▸ Directions
The required lines are those that contain "drawing"; pull them out of the data and copy them.

▸ Given data
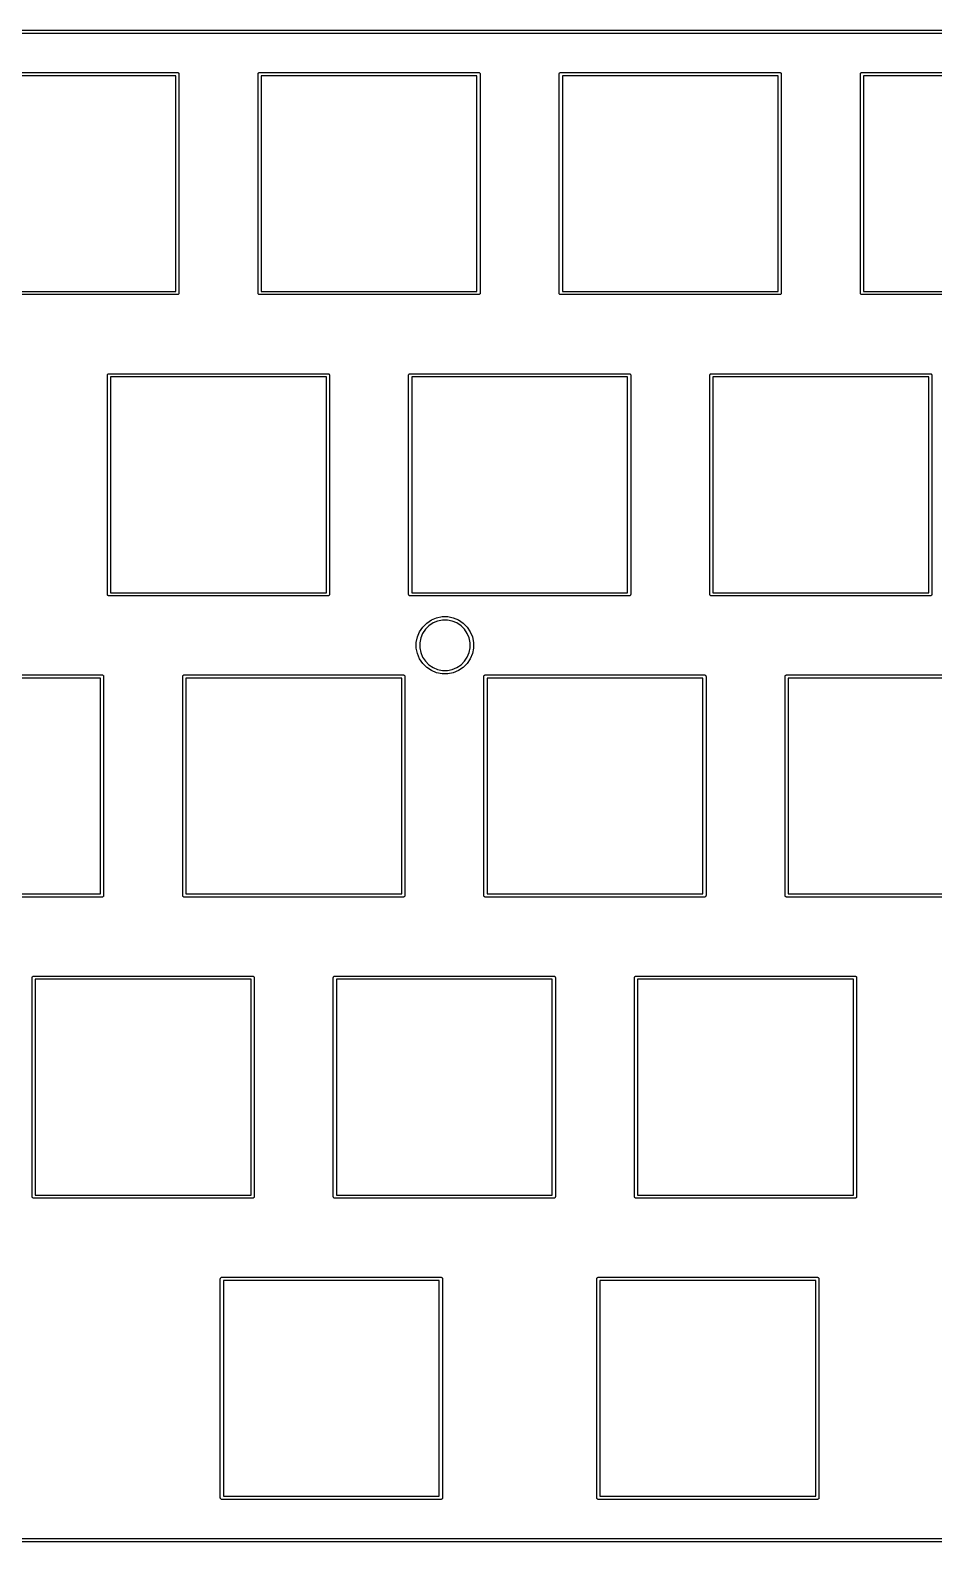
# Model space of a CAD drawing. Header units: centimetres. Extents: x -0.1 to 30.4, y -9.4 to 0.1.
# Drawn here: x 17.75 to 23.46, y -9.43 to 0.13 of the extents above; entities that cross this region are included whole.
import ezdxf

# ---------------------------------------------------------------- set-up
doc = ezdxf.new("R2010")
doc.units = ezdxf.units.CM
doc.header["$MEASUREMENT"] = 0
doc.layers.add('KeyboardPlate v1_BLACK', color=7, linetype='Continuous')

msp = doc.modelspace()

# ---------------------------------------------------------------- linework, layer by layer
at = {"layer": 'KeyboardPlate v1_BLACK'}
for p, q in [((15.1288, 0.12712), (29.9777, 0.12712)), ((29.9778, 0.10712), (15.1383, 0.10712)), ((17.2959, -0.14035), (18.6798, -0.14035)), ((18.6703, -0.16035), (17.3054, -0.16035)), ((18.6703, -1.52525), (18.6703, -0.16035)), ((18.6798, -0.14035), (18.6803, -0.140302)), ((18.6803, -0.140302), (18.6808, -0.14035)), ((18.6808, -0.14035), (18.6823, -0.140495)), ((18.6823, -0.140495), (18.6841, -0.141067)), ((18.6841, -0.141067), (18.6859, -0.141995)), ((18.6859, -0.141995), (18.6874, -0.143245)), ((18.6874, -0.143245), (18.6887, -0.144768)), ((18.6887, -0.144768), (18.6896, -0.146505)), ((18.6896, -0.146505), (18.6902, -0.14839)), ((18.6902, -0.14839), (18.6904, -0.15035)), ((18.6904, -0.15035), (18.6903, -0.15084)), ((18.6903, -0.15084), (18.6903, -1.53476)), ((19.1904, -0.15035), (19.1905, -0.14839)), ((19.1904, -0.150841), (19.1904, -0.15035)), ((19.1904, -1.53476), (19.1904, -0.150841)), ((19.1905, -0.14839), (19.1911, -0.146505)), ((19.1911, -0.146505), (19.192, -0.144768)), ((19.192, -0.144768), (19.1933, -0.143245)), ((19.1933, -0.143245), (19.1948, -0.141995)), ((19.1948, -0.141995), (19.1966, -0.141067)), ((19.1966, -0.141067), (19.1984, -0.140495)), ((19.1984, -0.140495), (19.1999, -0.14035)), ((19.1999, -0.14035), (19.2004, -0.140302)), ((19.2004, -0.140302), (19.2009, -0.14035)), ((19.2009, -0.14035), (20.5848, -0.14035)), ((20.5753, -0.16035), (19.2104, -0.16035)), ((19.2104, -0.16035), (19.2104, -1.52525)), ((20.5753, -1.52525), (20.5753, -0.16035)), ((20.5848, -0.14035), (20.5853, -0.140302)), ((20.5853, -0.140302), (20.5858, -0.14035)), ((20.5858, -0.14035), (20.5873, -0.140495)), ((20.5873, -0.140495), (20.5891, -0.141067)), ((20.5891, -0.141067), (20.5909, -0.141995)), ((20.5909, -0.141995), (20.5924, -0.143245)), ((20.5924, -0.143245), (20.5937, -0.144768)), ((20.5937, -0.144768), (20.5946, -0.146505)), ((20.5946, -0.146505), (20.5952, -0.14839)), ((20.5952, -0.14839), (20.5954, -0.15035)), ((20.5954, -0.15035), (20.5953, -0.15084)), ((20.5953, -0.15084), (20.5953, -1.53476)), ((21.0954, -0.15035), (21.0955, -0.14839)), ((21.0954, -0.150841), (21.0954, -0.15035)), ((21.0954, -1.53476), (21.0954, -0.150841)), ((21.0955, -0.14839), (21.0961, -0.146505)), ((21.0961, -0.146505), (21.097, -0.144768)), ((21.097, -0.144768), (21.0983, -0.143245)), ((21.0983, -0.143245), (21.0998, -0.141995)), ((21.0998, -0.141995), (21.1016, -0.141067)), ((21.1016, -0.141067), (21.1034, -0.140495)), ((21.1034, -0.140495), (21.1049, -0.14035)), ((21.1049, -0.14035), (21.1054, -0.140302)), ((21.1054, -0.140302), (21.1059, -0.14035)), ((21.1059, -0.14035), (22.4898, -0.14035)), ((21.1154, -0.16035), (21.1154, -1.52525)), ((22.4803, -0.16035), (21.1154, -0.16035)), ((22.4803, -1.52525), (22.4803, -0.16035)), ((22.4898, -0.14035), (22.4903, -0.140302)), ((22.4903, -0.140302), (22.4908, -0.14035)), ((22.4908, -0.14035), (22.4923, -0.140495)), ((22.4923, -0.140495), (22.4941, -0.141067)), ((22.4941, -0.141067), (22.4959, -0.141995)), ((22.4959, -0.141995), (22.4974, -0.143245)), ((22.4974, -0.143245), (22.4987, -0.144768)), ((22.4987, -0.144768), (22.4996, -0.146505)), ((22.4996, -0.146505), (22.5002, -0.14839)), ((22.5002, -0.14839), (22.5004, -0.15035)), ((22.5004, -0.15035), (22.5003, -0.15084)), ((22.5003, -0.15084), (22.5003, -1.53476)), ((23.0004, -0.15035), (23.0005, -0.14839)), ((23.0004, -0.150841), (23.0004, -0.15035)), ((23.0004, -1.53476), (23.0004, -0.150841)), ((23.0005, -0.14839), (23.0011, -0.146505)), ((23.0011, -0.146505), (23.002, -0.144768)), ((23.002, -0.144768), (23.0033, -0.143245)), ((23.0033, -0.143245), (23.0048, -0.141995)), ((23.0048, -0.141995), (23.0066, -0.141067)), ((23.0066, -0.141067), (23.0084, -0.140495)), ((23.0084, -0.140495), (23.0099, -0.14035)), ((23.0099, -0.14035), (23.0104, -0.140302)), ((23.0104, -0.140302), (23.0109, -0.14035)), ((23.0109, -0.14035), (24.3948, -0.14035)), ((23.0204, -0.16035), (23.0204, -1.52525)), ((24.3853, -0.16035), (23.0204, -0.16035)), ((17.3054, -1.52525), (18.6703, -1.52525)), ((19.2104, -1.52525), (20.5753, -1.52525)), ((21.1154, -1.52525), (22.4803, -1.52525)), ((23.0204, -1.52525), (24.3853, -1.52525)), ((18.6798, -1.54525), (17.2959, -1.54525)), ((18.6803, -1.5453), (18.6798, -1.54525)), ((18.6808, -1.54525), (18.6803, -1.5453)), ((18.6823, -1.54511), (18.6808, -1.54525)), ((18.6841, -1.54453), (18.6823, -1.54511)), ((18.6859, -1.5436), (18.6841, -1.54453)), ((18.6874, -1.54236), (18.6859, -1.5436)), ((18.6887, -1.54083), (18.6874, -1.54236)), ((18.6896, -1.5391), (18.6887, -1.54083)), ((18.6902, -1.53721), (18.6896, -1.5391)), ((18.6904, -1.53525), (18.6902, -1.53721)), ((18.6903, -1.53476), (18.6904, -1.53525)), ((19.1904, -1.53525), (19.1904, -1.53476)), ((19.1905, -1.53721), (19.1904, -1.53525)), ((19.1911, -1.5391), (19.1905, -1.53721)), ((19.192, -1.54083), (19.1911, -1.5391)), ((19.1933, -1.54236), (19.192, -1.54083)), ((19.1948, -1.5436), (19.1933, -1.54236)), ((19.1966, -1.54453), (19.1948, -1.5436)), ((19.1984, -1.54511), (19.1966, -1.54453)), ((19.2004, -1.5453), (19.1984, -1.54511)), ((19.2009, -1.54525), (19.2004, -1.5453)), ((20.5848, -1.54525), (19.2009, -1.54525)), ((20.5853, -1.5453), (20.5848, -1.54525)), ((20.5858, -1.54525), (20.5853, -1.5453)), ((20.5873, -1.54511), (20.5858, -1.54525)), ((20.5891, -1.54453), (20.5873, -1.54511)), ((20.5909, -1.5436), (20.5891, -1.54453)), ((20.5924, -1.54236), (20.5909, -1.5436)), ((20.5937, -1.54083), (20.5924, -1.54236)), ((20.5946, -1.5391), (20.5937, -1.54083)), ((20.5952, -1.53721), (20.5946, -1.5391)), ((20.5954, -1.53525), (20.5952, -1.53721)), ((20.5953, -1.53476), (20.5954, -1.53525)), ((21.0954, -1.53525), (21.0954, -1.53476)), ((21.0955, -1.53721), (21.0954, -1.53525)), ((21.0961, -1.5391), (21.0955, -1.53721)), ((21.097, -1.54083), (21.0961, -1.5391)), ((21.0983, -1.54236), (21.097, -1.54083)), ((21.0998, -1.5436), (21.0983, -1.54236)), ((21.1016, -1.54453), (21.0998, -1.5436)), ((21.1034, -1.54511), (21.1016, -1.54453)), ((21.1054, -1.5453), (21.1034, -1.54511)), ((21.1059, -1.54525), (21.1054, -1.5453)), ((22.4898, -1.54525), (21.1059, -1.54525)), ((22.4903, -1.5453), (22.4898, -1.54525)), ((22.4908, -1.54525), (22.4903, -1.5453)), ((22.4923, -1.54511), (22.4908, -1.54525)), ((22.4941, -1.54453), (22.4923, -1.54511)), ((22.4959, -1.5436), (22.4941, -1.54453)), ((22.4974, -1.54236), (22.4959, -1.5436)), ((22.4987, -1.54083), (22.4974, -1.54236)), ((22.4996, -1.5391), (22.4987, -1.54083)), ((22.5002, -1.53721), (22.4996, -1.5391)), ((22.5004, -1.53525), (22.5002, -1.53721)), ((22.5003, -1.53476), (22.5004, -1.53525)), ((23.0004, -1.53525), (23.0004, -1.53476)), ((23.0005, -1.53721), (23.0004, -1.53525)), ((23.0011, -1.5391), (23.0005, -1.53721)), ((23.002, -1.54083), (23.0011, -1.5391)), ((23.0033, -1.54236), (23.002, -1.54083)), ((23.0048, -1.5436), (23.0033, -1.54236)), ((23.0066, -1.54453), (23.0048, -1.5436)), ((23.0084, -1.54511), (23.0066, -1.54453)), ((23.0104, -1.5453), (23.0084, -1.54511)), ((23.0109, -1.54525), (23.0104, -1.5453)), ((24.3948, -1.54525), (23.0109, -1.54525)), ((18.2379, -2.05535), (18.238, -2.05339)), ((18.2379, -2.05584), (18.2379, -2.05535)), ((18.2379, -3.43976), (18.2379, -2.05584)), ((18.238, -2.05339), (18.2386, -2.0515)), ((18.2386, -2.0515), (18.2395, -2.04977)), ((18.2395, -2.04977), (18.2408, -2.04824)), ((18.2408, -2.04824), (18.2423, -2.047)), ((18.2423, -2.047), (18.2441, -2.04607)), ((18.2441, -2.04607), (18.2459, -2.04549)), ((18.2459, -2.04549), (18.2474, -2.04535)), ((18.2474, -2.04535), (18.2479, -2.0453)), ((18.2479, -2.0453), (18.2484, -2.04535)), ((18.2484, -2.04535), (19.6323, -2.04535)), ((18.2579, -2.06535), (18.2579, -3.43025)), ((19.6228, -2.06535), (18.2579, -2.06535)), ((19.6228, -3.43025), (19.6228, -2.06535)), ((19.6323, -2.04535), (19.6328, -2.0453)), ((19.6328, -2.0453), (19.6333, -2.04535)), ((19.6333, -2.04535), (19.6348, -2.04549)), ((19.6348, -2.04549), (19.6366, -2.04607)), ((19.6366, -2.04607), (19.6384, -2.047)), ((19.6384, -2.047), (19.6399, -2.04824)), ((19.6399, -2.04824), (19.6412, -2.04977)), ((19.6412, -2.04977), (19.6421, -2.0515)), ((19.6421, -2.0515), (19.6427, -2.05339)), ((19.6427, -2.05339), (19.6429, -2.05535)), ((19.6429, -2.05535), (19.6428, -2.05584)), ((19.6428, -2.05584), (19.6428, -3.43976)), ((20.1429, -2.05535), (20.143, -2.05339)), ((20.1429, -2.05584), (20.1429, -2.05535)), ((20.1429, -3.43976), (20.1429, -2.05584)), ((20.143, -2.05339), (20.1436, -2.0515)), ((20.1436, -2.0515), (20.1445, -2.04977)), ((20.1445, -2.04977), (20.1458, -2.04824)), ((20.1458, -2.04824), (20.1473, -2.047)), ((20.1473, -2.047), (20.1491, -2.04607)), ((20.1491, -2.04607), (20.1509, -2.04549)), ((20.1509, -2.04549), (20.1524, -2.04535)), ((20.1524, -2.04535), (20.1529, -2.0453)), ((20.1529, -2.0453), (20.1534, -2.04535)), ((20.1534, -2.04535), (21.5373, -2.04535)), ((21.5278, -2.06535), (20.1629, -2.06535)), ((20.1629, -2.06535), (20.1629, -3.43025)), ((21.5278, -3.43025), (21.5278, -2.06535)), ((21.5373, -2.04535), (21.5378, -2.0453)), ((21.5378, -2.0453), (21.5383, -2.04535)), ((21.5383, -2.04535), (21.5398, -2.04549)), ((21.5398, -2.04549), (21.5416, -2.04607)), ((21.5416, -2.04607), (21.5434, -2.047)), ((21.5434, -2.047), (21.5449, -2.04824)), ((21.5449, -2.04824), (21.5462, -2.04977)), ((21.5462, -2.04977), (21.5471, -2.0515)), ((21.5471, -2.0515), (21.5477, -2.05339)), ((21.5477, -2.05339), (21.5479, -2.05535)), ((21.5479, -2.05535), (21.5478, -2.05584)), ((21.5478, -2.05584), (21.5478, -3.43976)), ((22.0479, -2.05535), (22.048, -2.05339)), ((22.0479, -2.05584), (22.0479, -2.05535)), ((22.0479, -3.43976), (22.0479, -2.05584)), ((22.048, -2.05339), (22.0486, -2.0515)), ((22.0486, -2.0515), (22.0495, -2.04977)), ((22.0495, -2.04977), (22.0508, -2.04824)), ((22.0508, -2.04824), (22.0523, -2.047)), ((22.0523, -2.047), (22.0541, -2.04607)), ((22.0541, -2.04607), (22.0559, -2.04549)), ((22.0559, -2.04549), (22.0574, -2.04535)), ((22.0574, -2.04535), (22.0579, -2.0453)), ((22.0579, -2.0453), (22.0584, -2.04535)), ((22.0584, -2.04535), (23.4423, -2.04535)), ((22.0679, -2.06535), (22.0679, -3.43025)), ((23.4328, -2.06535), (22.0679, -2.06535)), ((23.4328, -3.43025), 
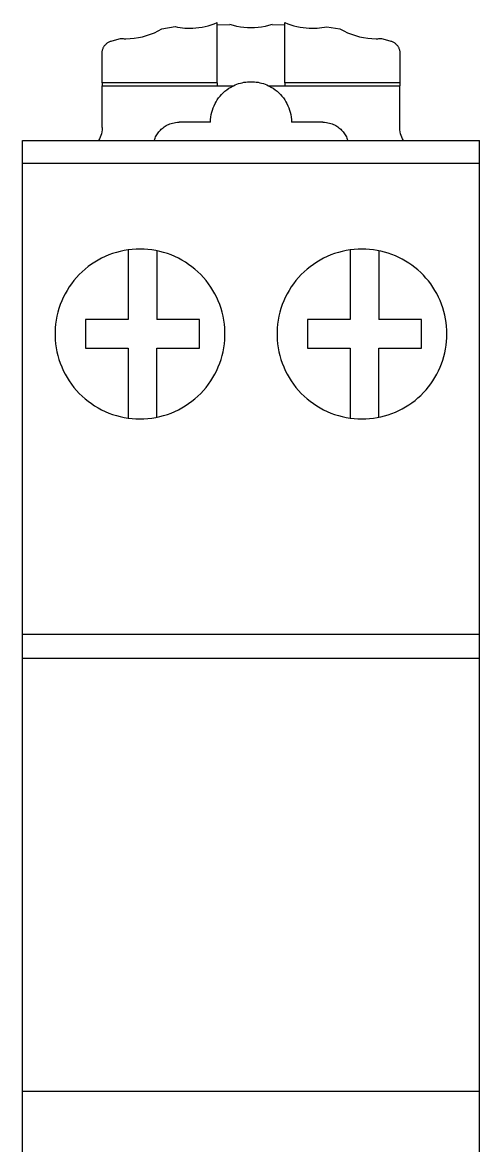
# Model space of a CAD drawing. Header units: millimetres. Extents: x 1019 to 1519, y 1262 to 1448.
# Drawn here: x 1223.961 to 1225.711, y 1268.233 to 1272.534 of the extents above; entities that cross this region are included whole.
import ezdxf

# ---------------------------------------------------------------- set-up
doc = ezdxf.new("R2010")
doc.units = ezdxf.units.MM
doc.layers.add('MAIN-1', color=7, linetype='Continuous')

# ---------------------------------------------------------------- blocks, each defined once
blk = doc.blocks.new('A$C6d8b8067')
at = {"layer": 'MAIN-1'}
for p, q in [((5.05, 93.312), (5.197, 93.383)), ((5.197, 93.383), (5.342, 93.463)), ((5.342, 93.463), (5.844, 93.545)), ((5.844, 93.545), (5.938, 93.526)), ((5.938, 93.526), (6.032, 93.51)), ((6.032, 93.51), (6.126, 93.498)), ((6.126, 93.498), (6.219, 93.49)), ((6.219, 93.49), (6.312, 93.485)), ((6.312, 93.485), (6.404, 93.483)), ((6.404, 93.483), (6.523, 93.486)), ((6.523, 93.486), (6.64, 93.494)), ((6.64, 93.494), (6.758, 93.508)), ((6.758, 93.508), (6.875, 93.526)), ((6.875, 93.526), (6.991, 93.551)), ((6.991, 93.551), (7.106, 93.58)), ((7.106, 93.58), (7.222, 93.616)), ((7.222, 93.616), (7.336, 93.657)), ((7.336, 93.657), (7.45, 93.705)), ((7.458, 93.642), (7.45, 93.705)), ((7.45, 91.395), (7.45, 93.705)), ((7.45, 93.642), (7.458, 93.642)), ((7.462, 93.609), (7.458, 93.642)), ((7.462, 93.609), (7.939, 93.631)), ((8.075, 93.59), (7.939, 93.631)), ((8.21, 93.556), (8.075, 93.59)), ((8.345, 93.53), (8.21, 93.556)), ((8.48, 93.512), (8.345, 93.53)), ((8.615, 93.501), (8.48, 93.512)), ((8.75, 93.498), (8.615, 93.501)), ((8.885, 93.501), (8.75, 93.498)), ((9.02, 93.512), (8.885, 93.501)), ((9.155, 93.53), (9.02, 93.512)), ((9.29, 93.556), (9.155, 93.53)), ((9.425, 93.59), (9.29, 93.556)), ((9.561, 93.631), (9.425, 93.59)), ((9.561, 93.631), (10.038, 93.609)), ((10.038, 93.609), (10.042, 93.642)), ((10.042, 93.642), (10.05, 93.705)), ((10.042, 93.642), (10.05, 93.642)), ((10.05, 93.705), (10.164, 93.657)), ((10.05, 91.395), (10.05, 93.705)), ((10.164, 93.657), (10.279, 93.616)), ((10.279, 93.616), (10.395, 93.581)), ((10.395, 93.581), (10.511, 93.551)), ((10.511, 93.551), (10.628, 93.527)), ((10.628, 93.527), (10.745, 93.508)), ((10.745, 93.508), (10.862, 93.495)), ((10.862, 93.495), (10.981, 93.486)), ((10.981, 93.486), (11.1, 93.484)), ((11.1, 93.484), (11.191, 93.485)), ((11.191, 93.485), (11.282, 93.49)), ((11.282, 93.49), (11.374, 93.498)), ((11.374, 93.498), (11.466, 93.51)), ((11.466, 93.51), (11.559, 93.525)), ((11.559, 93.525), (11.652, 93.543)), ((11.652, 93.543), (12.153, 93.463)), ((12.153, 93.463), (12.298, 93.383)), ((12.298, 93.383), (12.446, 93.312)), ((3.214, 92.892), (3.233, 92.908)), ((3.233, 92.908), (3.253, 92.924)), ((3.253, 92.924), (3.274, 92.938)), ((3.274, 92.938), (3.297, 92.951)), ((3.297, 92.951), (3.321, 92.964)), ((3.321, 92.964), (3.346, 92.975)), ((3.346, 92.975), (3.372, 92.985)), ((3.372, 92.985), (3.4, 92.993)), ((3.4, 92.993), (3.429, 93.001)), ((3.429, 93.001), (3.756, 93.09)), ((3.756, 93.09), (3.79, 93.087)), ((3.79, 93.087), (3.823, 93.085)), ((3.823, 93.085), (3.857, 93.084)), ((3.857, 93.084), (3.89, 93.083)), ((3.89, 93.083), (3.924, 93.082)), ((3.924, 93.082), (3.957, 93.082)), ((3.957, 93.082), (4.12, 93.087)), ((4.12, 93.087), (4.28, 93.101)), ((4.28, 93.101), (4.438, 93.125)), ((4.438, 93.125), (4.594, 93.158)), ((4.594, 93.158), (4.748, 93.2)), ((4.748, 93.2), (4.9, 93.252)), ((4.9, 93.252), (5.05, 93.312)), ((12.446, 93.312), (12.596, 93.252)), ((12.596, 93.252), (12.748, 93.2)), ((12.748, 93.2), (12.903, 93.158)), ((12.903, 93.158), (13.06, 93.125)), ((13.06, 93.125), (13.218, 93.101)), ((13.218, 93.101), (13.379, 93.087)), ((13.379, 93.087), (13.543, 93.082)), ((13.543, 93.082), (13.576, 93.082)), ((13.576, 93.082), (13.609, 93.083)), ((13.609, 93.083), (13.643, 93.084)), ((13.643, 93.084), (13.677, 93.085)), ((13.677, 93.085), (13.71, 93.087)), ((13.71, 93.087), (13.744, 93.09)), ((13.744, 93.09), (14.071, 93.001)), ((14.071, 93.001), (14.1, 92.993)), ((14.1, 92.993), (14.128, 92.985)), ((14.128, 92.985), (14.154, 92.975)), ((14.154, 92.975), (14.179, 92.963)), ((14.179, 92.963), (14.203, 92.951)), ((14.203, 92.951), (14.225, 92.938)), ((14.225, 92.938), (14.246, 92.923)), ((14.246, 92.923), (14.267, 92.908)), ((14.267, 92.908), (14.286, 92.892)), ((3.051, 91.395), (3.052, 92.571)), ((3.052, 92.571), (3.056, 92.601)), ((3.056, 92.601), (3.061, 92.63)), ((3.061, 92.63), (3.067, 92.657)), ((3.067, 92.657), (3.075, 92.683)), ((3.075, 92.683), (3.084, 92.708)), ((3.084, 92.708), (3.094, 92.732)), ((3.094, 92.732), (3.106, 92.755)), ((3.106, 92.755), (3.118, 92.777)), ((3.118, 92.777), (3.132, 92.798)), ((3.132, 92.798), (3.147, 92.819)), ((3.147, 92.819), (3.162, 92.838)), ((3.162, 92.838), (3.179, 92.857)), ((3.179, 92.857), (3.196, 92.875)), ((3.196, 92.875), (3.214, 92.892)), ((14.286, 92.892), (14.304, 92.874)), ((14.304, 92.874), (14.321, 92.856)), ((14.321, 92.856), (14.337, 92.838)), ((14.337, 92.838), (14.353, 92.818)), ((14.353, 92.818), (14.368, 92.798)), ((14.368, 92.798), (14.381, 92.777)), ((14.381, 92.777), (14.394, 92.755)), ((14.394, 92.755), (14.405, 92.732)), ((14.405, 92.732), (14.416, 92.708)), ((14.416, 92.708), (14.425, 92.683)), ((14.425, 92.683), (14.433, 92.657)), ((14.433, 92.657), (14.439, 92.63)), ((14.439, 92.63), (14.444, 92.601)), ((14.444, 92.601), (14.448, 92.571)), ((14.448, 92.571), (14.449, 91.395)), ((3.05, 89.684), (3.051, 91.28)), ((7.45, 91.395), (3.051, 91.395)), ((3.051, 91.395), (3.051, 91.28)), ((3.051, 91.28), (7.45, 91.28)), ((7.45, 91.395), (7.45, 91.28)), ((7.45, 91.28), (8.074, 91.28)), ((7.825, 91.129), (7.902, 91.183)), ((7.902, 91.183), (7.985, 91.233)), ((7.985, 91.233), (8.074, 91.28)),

▸ Finished task
# Model space of a CAD drawing. Header units: centimetres. Extents: x -0.1 to 30.4, y -9.4 to 0.1.
# Model space of a CAD drawing. Header units: millimetres. Extents: x 1019 to 1519, y 1262 to 1448.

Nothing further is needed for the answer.